In --active mode, when a probe is received, the tpa's state will be (re)set to PENDING(0) if the address is not known to be ALIVE. With an appropriate value for --pending, this should prevent the sponge from re-sponging. The alternative is to set the tpa's state to ALIVE immediately. Not sure if that is better... What do you think?

Answer 7 · 2019-03-25T21:30:04.000Z

Much nicer solution that my quick hack! I like the idea to add an explicit —passive flag to enable the behaviour that I have been exploring the better part of the last year, much cleaner. Also, make sure that the new flag —active is implicitly enabled to not change current behaviour. In —active mode, please keep the current behaviour of transitioning via PENDING before reaching ALIVE (unless already alive, of course). I can imagine several situations where changing directly to ALIVE from SPONGING would be wrong in the sense that the probe can be a false positive, delaying the time to return to the correct SPONGING state. /Per

…

On 20 Mar 2019, at 11:50, Steven Bakker wrote: Thanks for that. I'll see if I can incorporate something like that. I agree that if the sponge has no IP itself, it should never send queries (which would be probes)., because it can cause race conditions when the target host is coming up and doing its own duplicate IP detection. Maybe add an `--passive` flag: * Without `--passive`: * The sponge will refuse to start if the interface has no IP address. * With `--passive`: * The sponge will not send any queries or probes. * Periodic sweeping is disabled. * The PENDING state simply becomes a timer before sponging. In `--active` mode, when a probe is received, the tpa's state will be (re)set to PENDING(0) if the address is not known to be ALIVE. With an appropriate value for `--pending`, this should prevent the sponge from re-sponging. The alternative is to set the tpa's state to ALIVE immediately. Not sure if that is better... What do you think? -- You are receiving this because you authored the thread. Reply to this email directly or view it on GitHub: #3 (comment)
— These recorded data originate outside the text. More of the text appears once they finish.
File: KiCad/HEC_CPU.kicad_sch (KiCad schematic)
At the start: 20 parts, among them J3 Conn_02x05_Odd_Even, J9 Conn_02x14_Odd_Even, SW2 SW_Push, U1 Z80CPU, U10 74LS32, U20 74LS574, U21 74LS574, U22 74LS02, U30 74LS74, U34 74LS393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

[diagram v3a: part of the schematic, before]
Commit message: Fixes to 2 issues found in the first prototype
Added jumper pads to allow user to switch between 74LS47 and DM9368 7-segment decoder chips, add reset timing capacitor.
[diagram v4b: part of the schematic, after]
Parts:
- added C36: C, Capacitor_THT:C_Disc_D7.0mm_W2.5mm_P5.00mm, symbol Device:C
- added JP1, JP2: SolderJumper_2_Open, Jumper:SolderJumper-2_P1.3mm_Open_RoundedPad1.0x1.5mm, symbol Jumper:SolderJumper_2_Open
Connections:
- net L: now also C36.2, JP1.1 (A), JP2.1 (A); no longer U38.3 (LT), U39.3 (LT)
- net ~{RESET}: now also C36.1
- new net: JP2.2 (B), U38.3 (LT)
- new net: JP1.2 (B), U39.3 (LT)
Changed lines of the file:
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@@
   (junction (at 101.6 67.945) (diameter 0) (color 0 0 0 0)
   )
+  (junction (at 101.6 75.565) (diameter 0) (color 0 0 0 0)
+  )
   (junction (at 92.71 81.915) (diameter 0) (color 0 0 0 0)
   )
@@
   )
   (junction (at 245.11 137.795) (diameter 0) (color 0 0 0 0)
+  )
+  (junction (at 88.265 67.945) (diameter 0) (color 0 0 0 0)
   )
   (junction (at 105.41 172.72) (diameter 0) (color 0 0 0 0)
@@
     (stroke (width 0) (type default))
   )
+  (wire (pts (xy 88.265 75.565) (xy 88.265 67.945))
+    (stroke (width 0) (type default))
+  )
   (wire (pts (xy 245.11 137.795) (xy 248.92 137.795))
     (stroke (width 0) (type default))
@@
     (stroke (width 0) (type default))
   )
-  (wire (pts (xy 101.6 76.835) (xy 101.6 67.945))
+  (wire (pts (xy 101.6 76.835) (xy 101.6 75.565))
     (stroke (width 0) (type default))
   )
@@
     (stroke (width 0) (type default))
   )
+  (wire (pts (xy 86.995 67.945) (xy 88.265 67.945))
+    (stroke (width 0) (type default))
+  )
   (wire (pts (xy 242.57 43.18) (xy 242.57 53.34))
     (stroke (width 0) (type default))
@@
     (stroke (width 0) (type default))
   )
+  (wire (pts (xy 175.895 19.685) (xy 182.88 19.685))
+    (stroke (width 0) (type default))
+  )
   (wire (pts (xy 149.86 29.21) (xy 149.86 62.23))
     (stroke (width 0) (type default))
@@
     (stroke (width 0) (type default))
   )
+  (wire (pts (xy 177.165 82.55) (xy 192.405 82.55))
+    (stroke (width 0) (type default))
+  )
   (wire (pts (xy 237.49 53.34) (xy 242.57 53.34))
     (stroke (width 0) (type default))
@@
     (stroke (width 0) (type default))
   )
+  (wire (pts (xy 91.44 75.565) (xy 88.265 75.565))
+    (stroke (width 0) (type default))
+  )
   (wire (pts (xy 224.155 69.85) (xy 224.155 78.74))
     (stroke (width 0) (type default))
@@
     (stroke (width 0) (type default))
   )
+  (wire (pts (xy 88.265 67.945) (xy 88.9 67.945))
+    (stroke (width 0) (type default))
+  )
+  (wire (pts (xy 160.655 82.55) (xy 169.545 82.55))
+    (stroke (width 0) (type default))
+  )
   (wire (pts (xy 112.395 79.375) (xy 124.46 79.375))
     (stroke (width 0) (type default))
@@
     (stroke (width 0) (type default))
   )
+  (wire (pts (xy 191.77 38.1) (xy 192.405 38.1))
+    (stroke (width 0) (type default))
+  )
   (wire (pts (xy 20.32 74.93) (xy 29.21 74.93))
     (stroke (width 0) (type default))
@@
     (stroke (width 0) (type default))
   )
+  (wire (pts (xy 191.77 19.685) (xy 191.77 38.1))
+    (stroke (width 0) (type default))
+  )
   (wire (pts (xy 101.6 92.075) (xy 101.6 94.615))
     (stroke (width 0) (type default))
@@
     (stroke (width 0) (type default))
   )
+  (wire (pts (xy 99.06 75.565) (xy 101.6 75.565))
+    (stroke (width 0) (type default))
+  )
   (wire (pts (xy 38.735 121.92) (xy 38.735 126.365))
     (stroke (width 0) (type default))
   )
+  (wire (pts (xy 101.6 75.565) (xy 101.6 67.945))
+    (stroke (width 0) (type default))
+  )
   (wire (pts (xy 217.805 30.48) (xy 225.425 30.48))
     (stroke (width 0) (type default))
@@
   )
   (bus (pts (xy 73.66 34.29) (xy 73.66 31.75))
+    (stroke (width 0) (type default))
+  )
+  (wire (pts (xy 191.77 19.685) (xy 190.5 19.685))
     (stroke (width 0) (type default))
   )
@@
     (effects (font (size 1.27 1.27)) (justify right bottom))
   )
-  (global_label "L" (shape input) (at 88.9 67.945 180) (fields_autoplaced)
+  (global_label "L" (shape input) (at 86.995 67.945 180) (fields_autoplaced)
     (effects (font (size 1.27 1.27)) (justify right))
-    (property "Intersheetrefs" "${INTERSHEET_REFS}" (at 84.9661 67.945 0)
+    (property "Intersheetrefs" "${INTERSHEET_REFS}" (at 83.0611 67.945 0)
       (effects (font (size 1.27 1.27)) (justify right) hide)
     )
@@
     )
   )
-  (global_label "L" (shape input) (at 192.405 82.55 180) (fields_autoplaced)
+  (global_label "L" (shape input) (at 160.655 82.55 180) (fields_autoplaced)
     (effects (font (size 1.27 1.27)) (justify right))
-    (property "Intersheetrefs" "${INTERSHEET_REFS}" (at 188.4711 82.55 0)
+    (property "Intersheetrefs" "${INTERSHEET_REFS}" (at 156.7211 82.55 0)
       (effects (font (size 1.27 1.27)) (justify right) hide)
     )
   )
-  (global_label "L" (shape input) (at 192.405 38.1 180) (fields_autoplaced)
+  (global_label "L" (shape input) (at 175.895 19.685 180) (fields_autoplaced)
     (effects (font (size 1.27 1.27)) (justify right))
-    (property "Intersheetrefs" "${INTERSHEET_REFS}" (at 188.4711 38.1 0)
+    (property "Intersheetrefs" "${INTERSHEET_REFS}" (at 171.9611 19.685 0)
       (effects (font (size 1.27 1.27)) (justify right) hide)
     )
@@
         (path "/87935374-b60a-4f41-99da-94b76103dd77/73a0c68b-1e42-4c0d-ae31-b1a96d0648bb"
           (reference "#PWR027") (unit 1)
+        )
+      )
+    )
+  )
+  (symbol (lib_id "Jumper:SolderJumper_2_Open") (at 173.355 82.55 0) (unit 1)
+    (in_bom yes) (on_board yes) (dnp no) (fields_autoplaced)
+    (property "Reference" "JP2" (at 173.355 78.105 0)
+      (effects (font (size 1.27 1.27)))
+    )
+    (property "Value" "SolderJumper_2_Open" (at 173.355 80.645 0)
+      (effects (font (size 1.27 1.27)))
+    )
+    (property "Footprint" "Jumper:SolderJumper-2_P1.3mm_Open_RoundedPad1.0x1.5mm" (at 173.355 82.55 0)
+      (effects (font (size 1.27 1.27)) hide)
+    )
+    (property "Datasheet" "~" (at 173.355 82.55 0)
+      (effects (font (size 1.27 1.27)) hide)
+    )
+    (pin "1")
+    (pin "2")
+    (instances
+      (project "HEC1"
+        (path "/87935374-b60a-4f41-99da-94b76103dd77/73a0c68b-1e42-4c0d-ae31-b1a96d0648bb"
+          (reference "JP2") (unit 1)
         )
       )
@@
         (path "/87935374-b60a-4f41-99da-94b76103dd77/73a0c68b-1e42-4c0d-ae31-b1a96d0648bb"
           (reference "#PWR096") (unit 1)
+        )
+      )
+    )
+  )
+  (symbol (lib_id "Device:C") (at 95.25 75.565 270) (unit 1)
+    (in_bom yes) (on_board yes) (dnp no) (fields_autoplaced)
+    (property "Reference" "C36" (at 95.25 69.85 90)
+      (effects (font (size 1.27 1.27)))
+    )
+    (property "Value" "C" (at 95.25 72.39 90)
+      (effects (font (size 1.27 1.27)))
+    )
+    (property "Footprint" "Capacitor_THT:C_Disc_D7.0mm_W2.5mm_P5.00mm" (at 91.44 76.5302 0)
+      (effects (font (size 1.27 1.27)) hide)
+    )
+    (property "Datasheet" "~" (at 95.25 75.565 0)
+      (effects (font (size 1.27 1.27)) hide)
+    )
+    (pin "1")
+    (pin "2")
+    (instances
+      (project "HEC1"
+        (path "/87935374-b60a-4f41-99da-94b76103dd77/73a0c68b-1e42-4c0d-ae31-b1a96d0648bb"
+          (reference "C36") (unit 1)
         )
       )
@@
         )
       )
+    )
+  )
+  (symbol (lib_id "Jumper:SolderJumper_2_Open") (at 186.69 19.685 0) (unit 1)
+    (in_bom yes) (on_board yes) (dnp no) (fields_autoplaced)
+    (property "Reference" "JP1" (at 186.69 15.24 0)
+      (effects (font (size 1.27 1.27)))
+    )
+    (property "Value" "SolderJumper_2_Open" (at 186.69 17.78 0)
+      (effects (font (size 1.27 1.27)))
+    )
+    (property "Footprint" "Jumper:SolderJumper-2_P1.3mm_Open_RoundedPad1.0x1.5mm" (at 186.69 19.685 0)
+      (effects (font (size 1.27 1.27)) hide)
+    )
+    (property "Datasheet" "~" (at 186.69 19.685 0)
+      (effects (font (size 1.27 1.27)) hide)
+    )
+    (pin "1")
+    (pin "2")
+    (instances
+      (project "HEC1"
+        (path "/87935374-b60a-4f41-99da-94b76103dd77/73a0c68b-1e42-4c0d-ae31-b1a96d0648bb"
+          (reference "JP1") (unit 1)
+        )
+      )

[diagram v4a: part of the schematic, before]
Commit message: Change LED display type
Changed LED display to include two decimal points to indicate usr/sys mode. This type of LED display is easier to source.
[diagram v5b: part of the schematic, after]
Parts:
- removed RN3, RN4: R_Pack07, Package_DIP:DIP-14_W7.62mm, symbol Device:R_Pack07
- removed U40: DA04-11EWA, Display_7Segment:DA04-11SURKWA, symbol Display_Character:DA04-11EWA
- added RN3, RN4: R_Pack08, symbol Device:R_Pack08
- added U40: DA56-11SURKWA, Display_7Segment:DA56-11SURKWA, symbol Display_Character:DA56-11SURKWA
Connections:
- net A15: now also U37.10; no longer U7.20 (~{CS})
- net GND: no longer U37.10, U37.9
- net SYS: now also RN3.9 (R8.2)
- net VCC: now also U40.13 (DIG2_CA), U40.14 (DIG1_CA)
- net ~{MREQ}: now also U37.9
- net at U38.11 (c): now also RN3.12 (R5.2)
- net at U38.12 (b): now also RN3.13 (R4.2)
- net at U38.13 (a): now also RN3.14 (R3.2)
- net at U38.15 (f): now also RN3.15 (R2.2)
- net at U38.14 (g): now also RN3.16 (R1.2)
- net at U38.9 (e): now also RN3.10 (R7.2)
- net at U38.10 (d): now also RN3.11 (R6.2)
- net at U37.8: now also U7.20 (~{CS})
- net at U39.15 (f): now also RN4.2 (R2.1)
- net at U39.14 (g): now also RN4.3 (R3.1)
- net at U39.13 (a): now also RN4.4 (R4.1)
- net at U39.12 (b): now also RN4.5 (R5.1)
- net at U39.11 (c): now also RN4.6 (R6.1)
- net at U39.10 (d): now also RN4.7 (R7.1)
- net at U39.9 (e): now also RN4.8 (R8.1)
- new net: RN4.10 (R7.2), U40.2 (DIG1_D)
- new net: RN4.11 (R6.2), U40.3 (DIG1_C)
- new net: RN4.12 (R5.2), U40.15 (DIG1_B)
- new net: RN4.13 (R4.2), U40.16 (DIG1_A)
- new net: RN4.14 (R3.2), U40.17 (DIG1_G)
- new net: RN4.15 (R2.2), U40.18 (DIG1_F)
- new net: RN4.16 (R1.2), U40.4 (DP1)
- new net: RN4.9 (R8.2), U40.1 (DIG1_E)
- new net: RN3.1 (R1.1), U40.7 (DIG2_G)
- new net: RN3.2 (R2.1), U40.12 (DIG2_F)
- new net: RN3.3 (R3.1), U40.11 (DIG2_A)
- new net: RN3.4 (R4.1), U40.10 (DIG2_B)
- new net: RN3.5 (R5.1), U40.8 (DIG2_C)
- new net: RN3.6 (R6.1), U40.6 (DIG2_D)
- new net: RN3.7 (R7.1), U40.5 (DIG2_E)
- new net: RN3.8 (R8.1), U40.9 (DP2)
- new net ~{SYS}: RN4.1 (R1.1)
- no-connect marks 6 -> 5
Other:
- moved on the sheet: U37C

Answer 8 · 2019-03-28T11:27:17.000Z

I've just pushed changes to a new branch, feature/passive-state. Passive mode is turned on automatically if the sponge's network i/f has no IP address. It will log warnings periodically, though. To get rid of the warnings, the sponge should be started with an explicit --passive. In --passive mode, the periodic sweeping is disabled, and the PENDING state turns into a simple timer of ---pending=n seconds.

In non-passive mode, everything stays as is.